====== SUPPLIED RECORDS

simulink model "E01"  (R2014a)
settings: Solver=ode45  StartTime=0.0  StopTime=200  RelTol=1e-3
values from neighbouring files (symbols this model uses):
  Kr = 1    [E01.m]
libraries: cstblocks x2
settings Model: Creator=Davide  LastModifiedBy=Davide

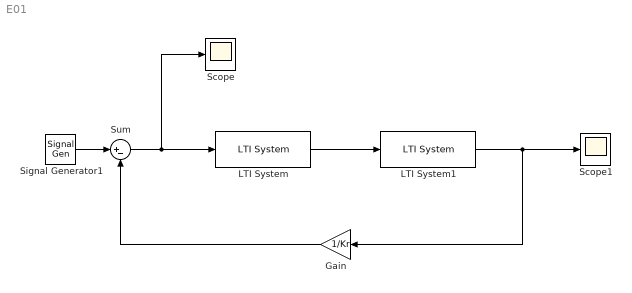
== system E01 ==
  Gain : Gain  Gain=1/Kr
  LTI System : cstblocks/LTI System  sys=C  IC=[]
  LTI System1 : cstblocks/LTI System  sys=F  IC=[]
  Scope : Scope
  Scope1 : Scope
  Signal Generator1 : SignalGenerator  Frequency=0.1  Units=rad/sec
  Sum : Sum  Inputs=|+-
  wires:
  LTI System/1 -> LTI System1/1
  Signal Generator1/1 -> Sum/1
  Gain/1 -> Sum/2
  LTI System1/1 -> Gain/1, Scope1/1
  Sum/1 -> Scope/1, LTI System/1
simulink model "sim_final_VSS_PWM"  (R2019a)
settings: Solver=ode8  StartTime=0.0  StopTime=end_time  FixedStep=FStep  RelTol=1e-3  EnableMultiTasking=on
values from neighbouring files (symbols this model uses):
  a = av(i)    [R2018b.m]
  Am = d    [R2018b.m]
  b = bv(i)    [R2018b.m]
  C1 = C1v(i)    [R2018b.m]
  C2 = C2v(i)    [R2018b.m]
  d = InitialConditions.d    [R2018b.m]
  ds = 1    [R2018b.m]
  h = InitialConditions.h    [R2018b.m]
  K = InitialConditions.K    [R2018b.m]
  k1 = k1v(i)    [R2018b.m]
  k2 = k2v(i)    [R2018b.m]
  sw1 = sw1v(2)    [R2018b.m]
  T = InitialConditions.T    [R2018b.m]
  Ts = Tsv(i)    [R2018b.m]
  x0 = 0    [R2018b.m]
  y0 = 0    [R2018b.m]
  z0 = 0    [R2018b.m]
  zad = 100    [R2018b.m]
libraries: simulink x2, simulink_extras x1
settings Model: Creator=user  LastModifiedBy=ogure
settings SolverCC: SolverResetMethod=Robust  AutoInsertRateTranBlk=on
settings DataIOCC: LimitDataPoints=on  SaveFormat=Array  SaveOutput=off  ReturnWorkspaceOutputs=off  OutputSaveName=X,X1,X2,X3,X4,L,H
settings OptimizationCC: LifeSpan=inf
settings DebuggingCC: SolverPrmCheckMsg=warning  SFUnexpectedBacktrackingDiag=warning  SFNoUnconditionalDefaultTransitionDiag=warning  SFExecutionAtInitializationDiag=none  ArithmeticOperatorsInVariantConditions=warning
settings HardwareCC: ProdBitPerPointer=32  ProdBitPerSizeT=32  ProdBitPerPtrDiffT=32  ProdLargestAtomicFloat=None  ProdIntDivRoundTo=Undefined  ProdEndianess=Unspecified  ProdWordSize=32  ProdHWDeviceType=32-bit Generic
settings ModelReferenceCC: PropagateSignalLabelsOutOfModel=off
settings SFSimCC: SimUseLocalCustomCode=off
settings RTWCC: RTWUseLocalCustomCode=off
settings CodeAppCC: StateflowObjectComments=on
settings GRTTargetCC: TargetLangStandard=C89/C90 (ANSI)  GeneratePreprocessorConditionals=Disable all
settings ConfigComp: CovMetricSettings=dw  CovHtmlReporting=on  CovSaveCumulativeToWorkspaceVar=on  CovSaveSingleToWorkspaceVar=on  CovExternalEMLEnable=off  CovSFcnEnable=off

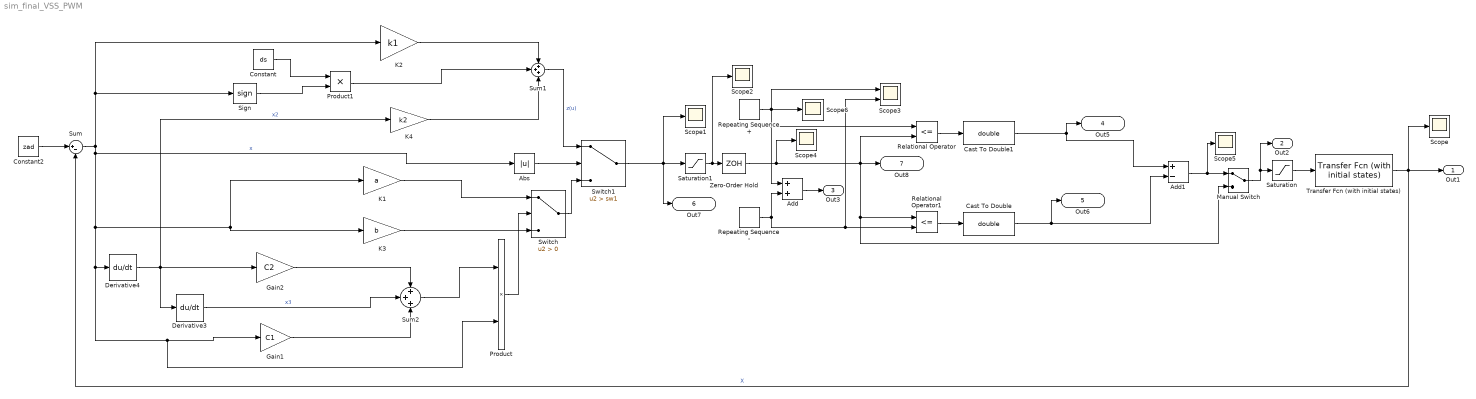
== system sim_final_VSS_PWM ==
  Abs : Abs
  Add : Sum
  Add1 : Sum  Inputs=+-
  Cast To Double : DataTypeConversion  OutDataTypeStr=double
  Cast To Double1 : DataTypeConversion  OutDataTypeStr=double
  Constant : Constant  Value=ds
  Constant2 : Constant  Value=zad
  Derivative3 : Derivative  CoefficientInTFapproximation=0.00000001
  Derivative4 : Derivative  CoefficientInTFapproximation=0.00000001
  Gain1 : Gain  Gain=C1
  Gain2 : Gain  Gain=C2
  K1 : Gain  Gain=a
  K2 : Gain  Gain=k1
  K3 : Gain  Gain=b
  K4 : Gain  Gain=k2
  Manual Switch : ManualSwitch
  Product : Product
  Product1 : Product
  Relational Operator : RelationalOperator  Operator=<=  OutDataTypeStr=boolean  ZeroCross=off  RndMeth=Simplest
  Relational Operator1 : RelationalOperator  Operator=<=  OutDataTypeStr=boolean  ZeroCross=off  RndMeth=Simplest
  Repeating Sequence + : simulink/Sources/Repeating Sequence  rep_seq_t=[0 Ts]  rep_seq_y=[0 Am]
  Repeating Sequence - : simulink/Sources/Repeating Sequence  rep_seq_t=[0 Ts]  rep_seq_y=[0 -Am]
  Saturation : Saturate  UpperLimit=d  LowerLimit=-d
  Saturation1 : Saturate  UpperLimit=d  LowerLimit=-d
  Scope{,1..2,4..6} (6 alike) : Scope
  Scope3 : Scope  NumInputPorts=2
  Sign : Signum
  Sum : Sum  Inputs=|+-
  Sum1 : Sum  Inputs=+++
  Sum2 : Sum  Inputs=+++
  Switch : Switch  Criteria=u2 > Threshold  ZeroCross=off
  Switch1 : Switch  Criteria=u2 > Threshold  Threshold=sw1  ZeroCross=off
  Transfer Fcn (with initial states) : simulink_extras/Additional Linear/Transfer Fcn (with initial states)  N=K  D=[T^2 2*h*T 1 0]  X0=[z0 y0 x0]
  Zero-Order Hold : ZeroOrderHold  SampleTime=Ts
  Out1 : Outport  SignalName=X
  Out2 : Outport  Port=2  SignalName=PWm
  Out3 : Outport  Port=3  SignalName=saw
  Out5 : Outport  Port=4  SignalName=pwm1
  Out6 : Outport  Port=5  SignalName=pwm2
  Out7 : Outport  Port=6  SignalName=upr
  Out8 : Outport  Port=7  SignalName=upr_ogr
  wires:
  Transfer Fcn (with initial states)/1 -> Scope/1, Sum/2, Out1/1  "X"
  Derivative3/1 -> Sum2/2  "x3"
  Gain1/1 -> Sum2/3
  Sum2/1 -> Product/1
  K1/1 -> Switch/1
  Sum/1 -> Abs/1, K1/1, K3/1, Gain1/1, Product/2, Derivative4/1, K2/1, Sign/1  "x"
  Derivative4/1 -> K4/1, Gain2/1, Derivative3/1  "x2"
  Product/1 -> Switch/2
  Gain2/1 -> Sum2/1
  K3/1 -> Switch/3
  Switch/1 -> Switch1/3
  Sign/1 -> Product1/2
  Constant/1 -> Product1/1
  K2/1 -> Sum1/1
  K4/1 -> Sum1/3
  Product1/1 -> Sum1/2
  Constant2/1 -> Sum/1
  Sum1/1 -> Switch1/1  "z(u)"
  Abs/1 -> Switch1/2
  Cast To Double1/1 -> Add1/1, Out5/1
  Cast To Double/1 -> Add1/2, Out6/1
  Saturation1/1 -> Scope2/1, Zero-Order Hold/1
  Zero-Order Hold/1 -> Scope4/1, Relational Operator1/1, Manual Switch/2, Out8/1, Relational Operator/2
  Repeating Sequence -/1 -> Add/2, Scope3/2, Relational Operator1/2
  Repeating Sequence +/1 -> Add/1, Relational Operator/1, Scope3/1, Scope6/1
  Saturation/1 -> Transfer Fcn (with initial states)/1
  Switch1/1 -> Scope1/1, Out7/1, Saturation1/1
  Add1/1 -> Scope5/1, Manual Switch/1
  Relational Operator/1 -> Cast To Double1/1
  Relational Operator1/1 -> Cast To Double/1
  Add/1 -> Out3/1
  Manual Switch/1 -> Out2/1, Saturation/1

============

Among the entries above, how many lines have the string "RelationalOperator" in them? Only the number should be given.

2